Segment Open

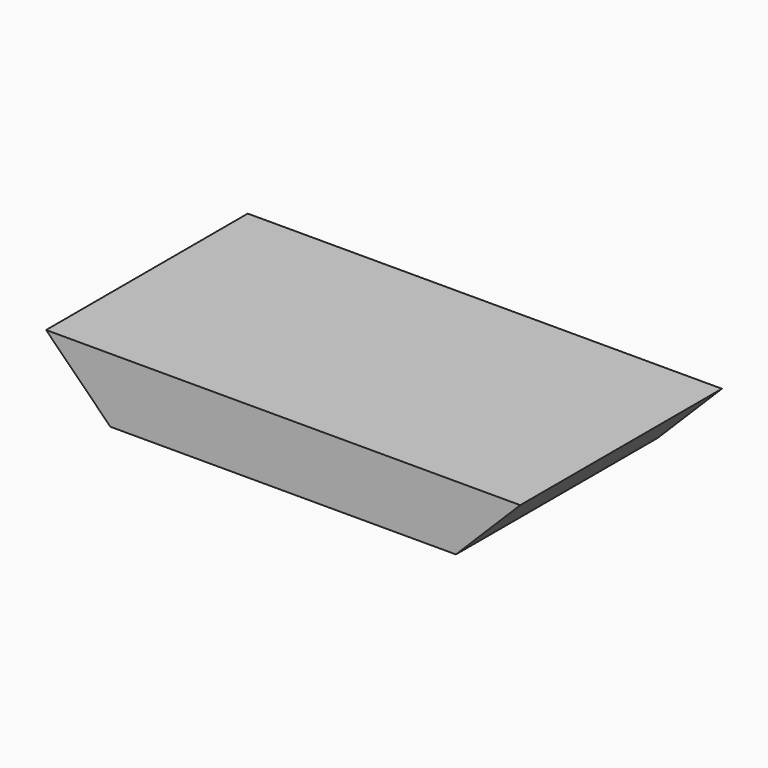
from build123d import *

# Parameters (mm, degrees)
F0_W     = 187.2611194849
F0_H     = 99.5552539825
F1_DEPTH = 25.4
F2_SIZE  = 25.39999


# Not quite as in the source:
# - a fillet or chamfer is up to 0.001 mm smaller than in the source, because OpenCascade refuses the exact size


with BuildPart() as f1:
    # F0 (on Top) → F1 (new body)
    with BuildSketch(Plane.XY):
        Rectangle(F0_W, F0_H)
    extrude(amount=F1_DEPTH)

    # F2 (size 25.4 in the source; OpenCascade refuses exactly that, so slightly less here)
    f2_edges = [f1.edges().sort_by_distance(p)[0] for p in [
        (-93.63056, 0, 0),
        (93.63056, 0, 0),
    ]]
    chamfer(f2_edges, length=F2_SIZE)


solid = f1.part

Segment Closed

## What this task involves
With the first line being the one containing "extrude(amount=F1_DEPTH)" and the last line the one containing "chamfer(f2_edges, length=F2_SIZE)", transcribe exactly the lines above that fall in that range.

## Answer area
    extrude(amount=F1_DEPTH)

    # F2 (size 25.4 in the source; OpenCascade refuses exactly that, so slightly less here)
    f2_edges = [f1.edges().sort_by_distance(p)[0] for p in [
        (-93.63056, 0, 0),
        (93.63056, 0, 0),
    ]]
    chamfer(f2_edges, length=F2_SIZE)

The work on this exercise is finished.